Workshop Satuan Kepatuhan Internal (SKI) Inspektorat Jenderal Kemenkes RI

(14/12) Inspektorat Jenderal mengadakan workshop Satuan Kepatuhan Internal (SKI). Acara ini bertempat di ballroom Swiss-Belhotel Bogor dan diselenggarakan pada tanggal 12-14 Desember 2019. Acara yang dihadiri oleh perwakilan unit utama dan satker-satker Kementerian Kesehatan ini bertujuan dalam rangka mempersiapkan terbentuknya Satuan Kepatuhan Internal (SKI) yang bertugas memastikan terlaksananya tata kelola organisasi yang akuntabel, pengendalian intern, dan manajemen risiko pada Satuan Kerja di lingkungan Kementerian Kesehatan.
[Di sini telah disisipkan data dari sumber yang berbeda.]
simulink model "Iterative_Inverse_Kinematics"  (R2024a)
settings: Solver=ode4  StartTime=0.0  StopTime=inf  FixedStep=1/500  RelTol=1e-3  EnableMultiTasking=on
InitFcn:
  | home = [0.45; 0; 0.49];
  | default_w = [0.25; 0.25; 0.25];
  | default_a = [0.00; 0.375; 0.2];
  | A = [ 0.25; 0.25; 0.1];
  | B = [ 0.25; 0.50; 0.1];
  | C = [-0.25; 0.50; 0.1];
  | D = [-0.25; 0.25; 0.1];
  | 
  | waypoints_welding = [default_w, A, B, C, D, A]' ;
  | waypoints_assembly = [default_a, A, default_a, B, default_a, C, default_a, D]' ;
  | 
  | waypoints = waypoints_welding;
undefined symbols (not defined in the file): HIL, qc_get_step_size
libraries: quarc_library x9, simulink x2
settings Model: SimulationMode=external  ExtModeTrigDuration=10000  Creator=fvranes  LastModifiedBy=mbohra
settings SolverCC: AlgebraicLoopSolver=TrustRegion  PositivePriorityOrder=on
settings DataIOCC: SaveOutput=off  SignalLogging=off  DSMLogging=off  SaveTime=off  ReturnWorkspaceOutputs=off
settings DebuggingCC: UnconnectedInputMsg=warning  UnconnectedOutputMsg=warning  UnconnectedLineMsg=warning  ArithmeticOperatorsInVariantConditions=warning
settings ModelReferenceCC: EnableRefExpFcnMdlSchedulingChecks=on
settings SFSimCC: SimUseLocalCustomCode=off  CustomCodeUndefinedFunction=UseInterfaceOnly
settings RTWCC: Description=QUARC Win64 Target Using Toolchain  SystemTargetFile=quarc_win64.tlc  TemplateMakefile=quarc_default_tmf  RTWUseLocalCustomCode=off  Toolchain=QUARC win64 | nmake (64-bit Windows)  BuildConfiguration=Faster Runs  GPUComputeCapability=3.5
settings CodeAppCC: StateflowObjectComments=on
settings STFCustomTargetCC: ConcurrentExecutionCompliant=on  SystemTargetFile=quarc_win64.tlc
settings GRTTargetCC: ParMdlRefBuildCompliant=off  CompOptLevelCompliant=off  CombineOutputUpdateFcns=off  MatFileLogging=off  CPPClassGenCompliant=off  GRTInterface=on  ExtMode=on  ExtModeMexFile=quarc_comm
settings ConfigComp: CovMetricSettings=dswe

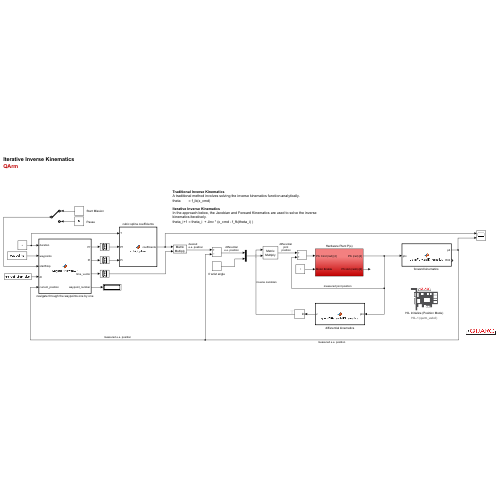
[thumbnail: Simulink's stored preview of the top-level diagram]
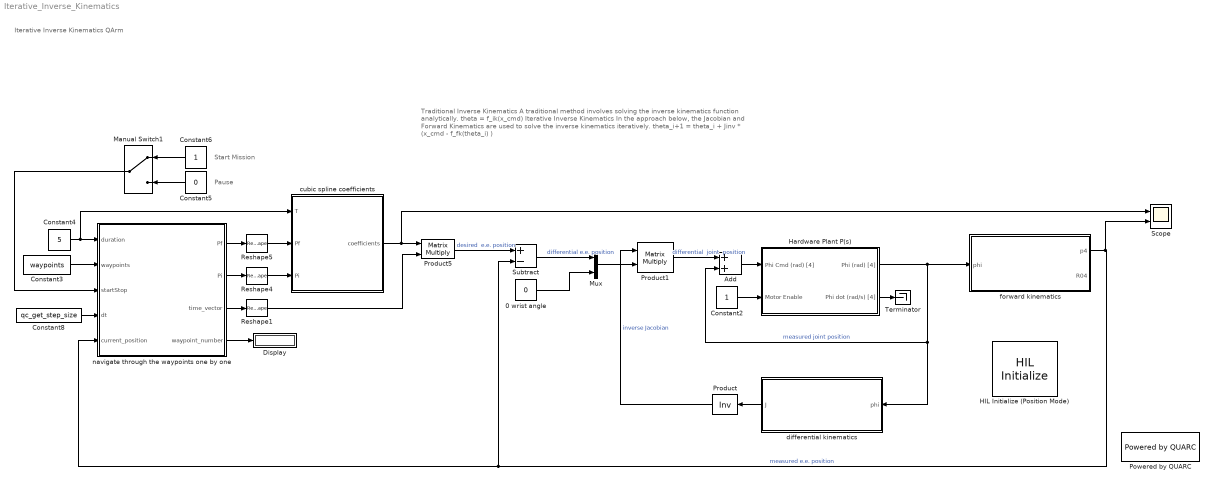
== system Iterative_Inverse_Kinematics ==
  note: Traditional Inverse Kinematics
      | A traditional method involves solving the inverse kinematics function analytically.
      | theta = f_ik(x_cmd)
      |
      | Iterative Inverse Kinematics
      | In the approach below, the Jacobian and Forward Kinematics are used to solve the inverse kinematics iteratively.
      | theta_i+1 = theta_i + Jinv * (x_cmd - f_fk(theta_i) )
  note: Iterative Inverse Kinematics
      | QArm
  note: Pause
  note: Start Mission
  0 wrist angle : Constant  Value=0
  Add : Sum
  Constant2 : Constant
  Constant3 : Constant  Value=waypoints  VectorParams1D=off
  Constant4 : Constant  Value=5
  Constant5 : Constant  Value=0
  Constant6 : Constant
  Constant8 : Constant  Value=qc_get_step_size
  Display : Display
  HIL Initialize (Position Mode) : quarc_library/Data Acquisition/Generic/Configuration/HIL Initialize  Priority=1  object_name=HIL-1  board_type=qarm_usb  board_number=0  board_options=j0_mode=0;j1_mode=0;j2_mode=0;j3_mode=0;gripper_mode=0;j0_profile_config=0;j0_profile_velocity=0;j0_profile_acceleration=0;j1_profile_config=0;j1_profile_velocity=0;j1_profile_acceleration=0;j2_profile_config=0;j2_profile_velocity=0;j2_profile_acceleration=0;j3_profile_config=0;j3_profile_velocity=0;j3_profile_acceleration=0;  exclusive=off  active=on  hardware_clocks=[0]  clock_modes=[]  initial_clock_frequencies=[]  set_clock_params_at_start=off  set_clock_params_at_switch_in=off  set_clock_frequencies_at_start=off  set_clock_frequencies_at_switch_in=off  analog_input_channels=[5:9]  analog_input_configurations=[]  analog_input_maximums=[]  analog_input_minimums=[]  set_analog_input_params_at_start=off  set_analog_input_params_at_switch_in=off  analog_output_channels=[]  analog_output_maximums=inf  analog_output_minimums=-inf  initial_analog_outputs=[0]  final_analog_outputs=[0]  watchdog_analog_outputs=[]  set_analog_output_params_at_start=off  set_analog_output_params_at_switch_in=off  set_analog_outputs_at_start=off  set_analog_outputs_at_switch_in=off  set_analog_outputs_at_terminate=off  set_analog_outputs_at_switch_out=off  set_analog_outputs_on_watchdog=off  digital_input_channels=[]  digital_output_channels=[]  digital_output_configuration=[]  initial_digital_outputs=[0]  final_digital_outputs=[0]  watchdog_digital_outputs=[0]  set_digital_output_params_at_start=off  set_digital_output_params_at_switch_in=off  set_digital_outputs_at_start=off  set_digital_outputs_at_switch_in=off  set_digital_outputs_at_terminate=off  set_digital_outputs_at_switch_out=off  set_digital_outputs_on_watchdog=off  encoder_channels=[]  quadrature=[]  encoder_filter_frequency=[]  initial_encoder_counts=[]  set_encoder_params_at_start=off  set_encoder_params_at_switch_in=off  set_encoder_counts_at_start=off  set_encoder_counts_at_switch_in=off  pwm_channels=[]  pwm_modes=[]  pwm_frequency=[]  pwm_configuration=[]  pwm_alignment=[]  pwm_polarity=[]  pwm_leading_deadband=[]  pwm_trailing_deadband=[]  initial_pwm_outputs=[]  final_pwm_outputs=[]  watchdog_pwm_outputs=[]  set_pwm_params_at_start=off  set_pwm_params_at_switch_in=off  set_pwm_outputs_at_start=off  set_pwm_outputs_at_switch_in=off  set_pwm_outputs_at_terminate=off  set_pwm_outputs_at_switch_out=off  set_pwm_outputs_on_watchdog=off  other_output_channels=[1000:1004 11000:11003 11005:11007]  initial_other_outputs=[zeros(1,9), ones(1,3)]  final_other_outputs=[zeros(1,9), ones(1,3)]  watchdog_other_outputs=zeros(1,12)  set_other_outputs_at_start=off  set_other_outputs_at_switch_in=off  set_other_outputs_at_terminate=off  set_other_outputs_at_switch_out=off  set_other_outputs_on_watchdog=off
  Hardware Plant P(s) : Subsystem
  Manual Switch1 : ManualSwitch
  Mux : Mux  Inputs=2
  Powered by QUARC : quarc_library/Logos/Powered by QUARC
  Product : Product  Inputs=/  Multiplication=Matrix(*)
  Product1 : Product  Multiplication=Matrix(*)
  Product5 : Product  Multiplication=Matrix(*)
  Reshape1 : Reshape  OutputDimensionality=Column vector (2-D)
  Reshape4 : Reshape  OutputDimensionality=Column vector (2-D)
  Reshape5 : Reshape  OutputDimensionality=Column vector (2-D)
  Scope : Scope  NumInputPorts=2
  Subtract : Sum  Inputs=+-
  Terminator : Terminator
  cubic spline coefficients : MATLAB Function  TreatAsAtomicUnit=on
  differential kinematics : MATLAB Function  TreatAsAtomicUnit=on
  "forward kinematics " : MATLAB Function  TreatAsAtomicUnit=on
  navigate through the waypoints one by one : MATLAB Function  TreatAsAtomicUnit=on
  wires:
  differential kinematics/1(J) -> Product/1
  Hardware Plant P(s)/1(Phi (rad) [4]) -> differential kinematics/1(phi), Add/2, "forward kinematics "/1(phi)  "measured joint position"
  "forward kinematics "/1(p4) -> Scope/2, navigate through the waypoints one by one/5(current_position), Subtract/2  "measured e.e. position"
  Product5/1 -> Subtract/1  "desired  e.e. position"
  Subtract/1 -> Mux/1  "differential e.e. position"
  Product/1 -> Product1/1  "inverse Jacobian"
  0 wrist angle/1 -> Mux/2
  Mux/1 -> Product1/2
  Product1/1 -> Add/1  "differential  joint  position"
  Add/1 -> Hardware Plant P(s)/1(Phi Cmd (rad) [4])
  Constant2/1 -> Hardware Plant P(s)/2(Motor Enable)
  Hardware Plant P(s)/2(Phi dot (rad/s) [4]) -> Terminator/1
  Reshape5/1 -> cubic spline coefficients/2(Pf)
  Constant5/1 -> Manual Switch1/2
  navigate through the waypoints one by one/3(time_vector) -> Reshape1/1
  Constant3/1 -> navigate through the waypoints one by one/2(waypoints)
  Reshape1/1 -> Product5/2
  Constant8/1 -> navigate through the waypoints one by one/4(dt)
  Constant4/1 -> cubic spline coefficients/1(T), navigate through the waypoints one by one/1(duration)
  navigate through the waypoints one by one/1(Pf) -> Reshape5/1
  Manual Switch1/1 -> navigate through the waypoints one by one/3(startStop)
  navigate through the waypoints one by one/2(Pi) -> Reshape4/1
  cubic spline coefficients/1(coefficients) -> Scope/1, Product5/1
  Constant6/1 -> Manual Switch1/1
  navigate through the waypoints one by one/4(waypoint_number) -> Display/1
  Reshape4/1 -> cubic spline coefficients/3(Pi)

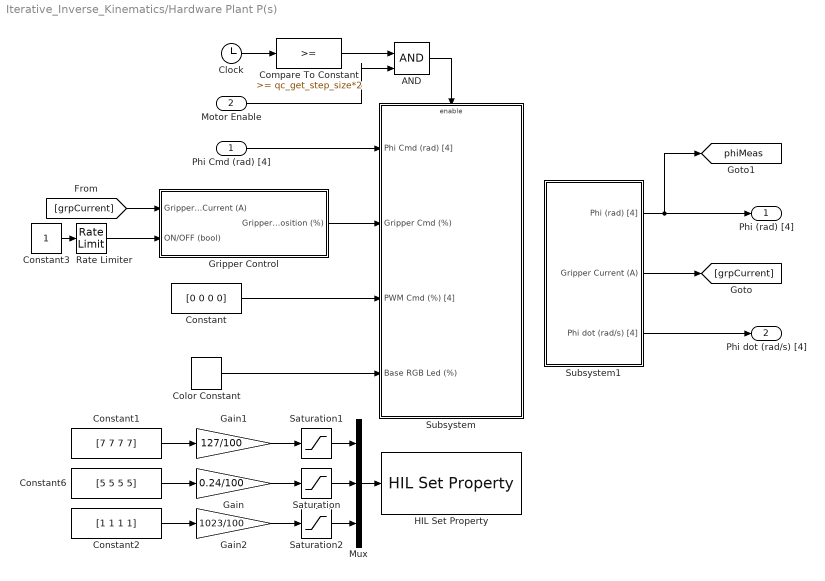
== system Iterative_Inverse_Kinematics/Hardware Plant P(s) ==
  Phi Cmd (rad) [4] : Inport
  Motor Enable : Inport  Port=2
  AND : Logic  IconShape=distinctive  AllPortsSameDT=off  OutDataTypeStr=boolean
  Clock : Clock
  Color Constant : quarc_library/Sources/Signals/Color Constant  color=[0.71765 0.27451 1]
      settings: SourceProductName=QUARC Targets
  Compare To Constant : simulink/Logic and Bit Operations/Compare To Constant  relop=>=  const=qc_get_step_size*2  OutDataTypeStr=boolean
  Constant : Constant  Value=[0 0 0 0]
  Constant1 : Constant  Value=[7 7 7 7]
  Constant2 : Constant  Value=[1 1 1 1]
  Constant3 : Constant
  Constant6 : Constant  Value=[5 5 5 5]
  Gain : Gain  Gain=0.24/100
  Gain1 : Gain  Gain=127/100
  Gain2 : Gain  Gain=1023/100
  Gripper Control : Subsystem
  HIL Set Property : quarc_library/Data Acquisition/Generic/Configuration/HIL Set Property  object_name=HIL-1  property_type=2  property_codes=[128:131, 133:136, 138:141]  property_source=2  property_value_num=0  set_at_start=on  sample_time=-1  active=off
      settings: AttributesFormatString=(%<object_name>)  SourceProductName=QUARC Targets
  Mux : Mux  Inputs=3
  Rate Limiter : RateLimiter  SampleTimeMode=inherited
  Saturation : Saturate  UpperLimit=0.24  LowerLimit=0
  Saturation1 : Saturate  UpperLimit=127  LowerLimit=0
  Saturation2 : Saturate  UpperLimit=1023  LowerLimit=0
  Subsystem : Subsystem
  Subsystem1 : Subsystem
  Phi (rad) [4] : Outport  VectorParamsAs1DForOutWhenUnconnected=off
  Phi dot (rad/s) [4] : Outport  Port=2  VectorParamsAs1DForOutWhenUnconnected=off
  tag scope: phiMeas=global
  wires:
  [grpCurrent] -> Gripper Control/1(Gripper Current (A))
  Phi Cmd (rad) [4]/1 -> Subsystem/1(Phi Cmd (rad) [4])
  Gripper Control/1(Gripper Position (%)) -> Subsystem/2(Gripper Cmd (%))
  Constant/1 -> Subsystem/3(PWM Cmd (%) [4])
  Compare To Constant/1 -> AND/1
  Clock/1 -> Compare To Constant/1
  Subsystem1/1(Phi (rad) [4]) -> [phiMeas], Phi (rad) [4]/1
  Subsystem1/3(Phi dot (rad/s) [4]) -> Phi dot (rad/s) [4]/1
  Subsystem1/2(Gripper Current (A)) -> [grpCurrent]
  Constant6/1 -> Gain/1
  Saturation/1 -> Mux/2
  Gain/1 -> Saturation/1
  Mux/1 -> HIL Set Property/1
  Gain1/1 -> Saturation1/1
  Constant1/1 -> Gain1/1
  Constant2/1 -> Gain2/1
  Gain2/1 -> Saturation2/1
  Saturation2/1 -> Mux/3
  Saturation1/1 -> Mux/1
  AND/1 -> Subsystem/Enable
  Motor Enable/1 -> AND/2
  Color Constant/1 -> Subsystem/4(Base RGB Led (%))
  Constant3/1 -> Rate Limiter/1
  Rate Limiter/1 -> Gripper Control/2(ON/OFF (bool))

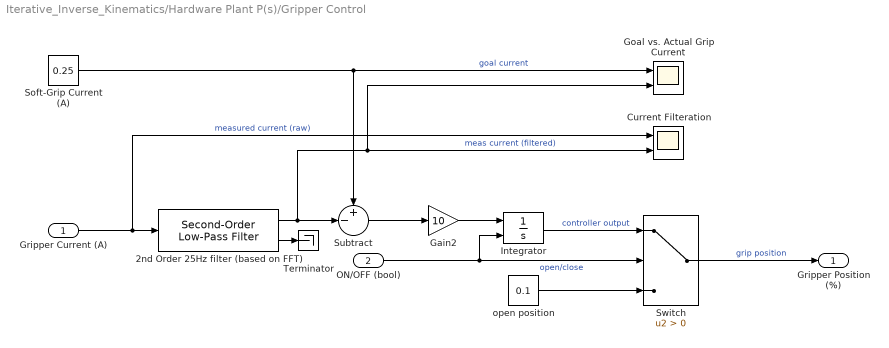
== system Iterative_Inverse_Kinematics/Hardware Plant P(s)/Gripper Control ==
  Gripper Current (A) : Inport
  ON/OFF (bool) : Inport  Port=2
  2nd Order 25Hz filter (based on FFT) : quarc_library/Continuous/Second-Order Low-Pass Filter  params_source=Internal (dialog parameters)  input_width=25*2*pi  input_zeta=1  input_init=0
  Current Filteration : Scope  NumInputPorts=2
  Gain2 : Gain  Gain=10
  Goal vs. Actual Grip Current : Scope  NumInputPorts=2
  Integrator : Integrator  ExternalReset=either  InitialCondition=0.1  LimitOutput=on  UpperSaturationLimit=0.9  LowerSaturationLimit=0.1
  Soft-Grip Current (A) : Constant  Value=0.25
  Subtract : Sum  Inputs=+-|
  Switch : Switch  Criteria=u2 > Threshold  SaturateOnIntegerOverflow=off  InputSameDT=off
  Terminator : Terminator
  open position : Constant  Value=0.1
  Gripper Position (%) : Outport  VectorParamsAs1DForOutWhenUnconnected=off
  wires:
  Gripper Current (A)/1 -> 2nd Order 25Hz filter (based on FFT)/1, Current Filteration/1  "measured current (raw)"
  ON/OFF (bool)/1 -> Switch/2, Integrator/2  "open/close"
  open position/1 -> Switch/3
  Switch/1 -> Gripper Position (%)/1  "grip position"
  Soft-Grip Current (A)/1 -> Subtract/1, Goal vs. Actual Grip Current/1  "goal current"
  2nd Order 25Hz filter (based on FFT)/1 -> Subtract/2, Current Filteration/2, Goal vs. Actual Grip Current/2  "meas current (filtered)"
  Subtract/1 -> Gain2/1
  Integrator/1 -> Switch/1  "controller output"
  Gain2/1 -> Integrator/1
  2nd Order 25Hz filter (based on FFT)/2 -> Terminator/1

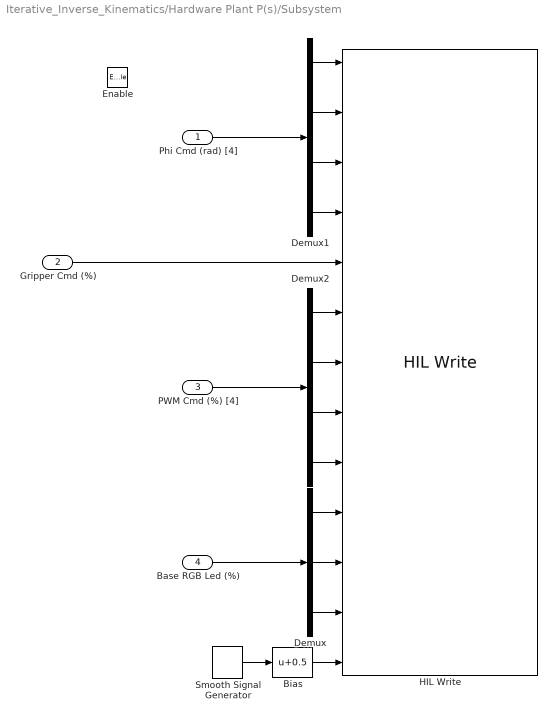
== system Iterative_Inverse_Kinematics/Hardware Plant P(s)/Subsystem ==
  Phi Cmd (rad) [4] : Inport
  Gripper Cmd (%) : Inport  Port=2
  PWM Cmd (%) [4] : Inport  Port=3
  Base RGB Led (%) : Inport  Port=4
  Enable : EnablePort
  Bias : Bias  Bias=0.5  SaturateOnIntegerOverflow=off
  Demux : Demux  Outputs=3
  Demux1 : Demux
  Demux2 : Demux
  HIL Write : quarc_library/Data Acquisition/Generic/Immediate I//O/HIL Write  object_name=HIL-1  analog_channels=[]  pwm_channels=[]  digital_channels=[]  other_channels=[1000:1004 11000:11003 11005:11008]  sample_time=-1  active=on  vector_input=off
  Smooth Signal Generator : quarc_library/Sources/Signals/Smooth Signal Generator  signal_type=Sine  source=Internal (dialog parameters)  amplitude=0.5  frequency=0.5  initial_phase=0  sample_time=qc_get_step_size  output_cos=off
      settings: SourceProductName=QUARC Targets
  wires:
  Demux2/3 -> HIL Write/8
  Demux2/4 -> HIL Write/9
  Demux1/1 -> HIL Write/1
  Demux2/1 -> HIL Write/6
  Demux2/2 -> HIL Write/7
  PWM Cmd (%) [4]/1 -> Demux2/1
  Demux1/3 -> HIL Write/3
  Demux/3 -> HIL Write/12
  Smooth Signal Generator/1 -> Bias/1
  Phi Cmd (rad) [4]/1 -> Demux1/1
  Bias/1 -> HIL Write/13
  Gripper Cmd (%)/1 -> HIL Write/5
  Demux1/2 -> HIL Write/2
  Demux/1 -> HIL Write/10
  Demux/2 -> HIL Write/11
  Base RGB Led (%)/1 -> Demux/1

Pada hari pertama, acara ini dibuka oleh Inspektur I, Edward Harefa, SE, MM yang mewakili Inspektur Jenderal. Dalam sambutannya, beliau berharap dengan terbentuknya SKI maka akan membantu Inspektorat Jenderal dalam melaksanakan pengawasan guna mewujudkan Kementerian Kesehatan yang baik dan bersih. Selain itu turut hadir dua narasumber yaitu Inspektur VII Kementerian Keuangan, Roberth Gonijaya dan Auditor Utama Kementerian Perhubungan, Pepen Supendi Yusuf yang memberikan materi tentang Peran Unit Kepatuhan Internal dalam Mewujudkan Tata Kelola yang Baik dan Bersih di masing-masing unit Kementerian mereka.

 

Di hari kedua workshop, hadir Irjen drg. Murti Utami, MPH. Beliau memberikan arahan bahwa pengawasan oleh Inspektorat Jenderal saat ini belum dapat berjalan secara optimal karena keterbatasan sumber daya yang tersedia. Jumlah auditor Inspektorat Jenderal saat ini berjumlah 164 orang sedangkan jumlah satker Kementerian Kesehatan yang harus diawasi sebanyak 419 Satker yang tersebar di seluruh Indonesia. Kondisi tersebut mengakibatkan kegiatan pengawasan belum dapat menjangkau seluruh Satker. Berkenaan hal tersebut, pembentukan SKI merupakan hal yang penting dan mendesak sebagai terobosan yang diharapkan dapat menjadi solusi bagi manajemen satuan kerja dalam melakukan pemantauan pelaksanaan pengendalian intern tanpa harus bertumpu pada pelaksanaan pengawasan oleh Inspektorat Jenderal.

Selain itu juga diadakan Diskusi Kelompok yang bertujuan untuk menghasilkan teknis pembentukan SKI yang akan dibuat di masing-masing satker, dimana topik diskusi dibagi dalam tiga kelas yaitu Teknis Pembentukan SKI di lingkungan Unit Utama Pusat, Teknis Pembentukan SKI di lingkungan Ditjen Pencegahan dan Pengendalian Penyakit dan Badan Penelitian dan Pengembangan Kesehatan, dan Teknis Pembentukan SKI di lingkungan Badan Pengembangan dan Pemberdayaan Sumber Daya Manusia Kesehatan dan Ditjen Pelayanan Kesehatan.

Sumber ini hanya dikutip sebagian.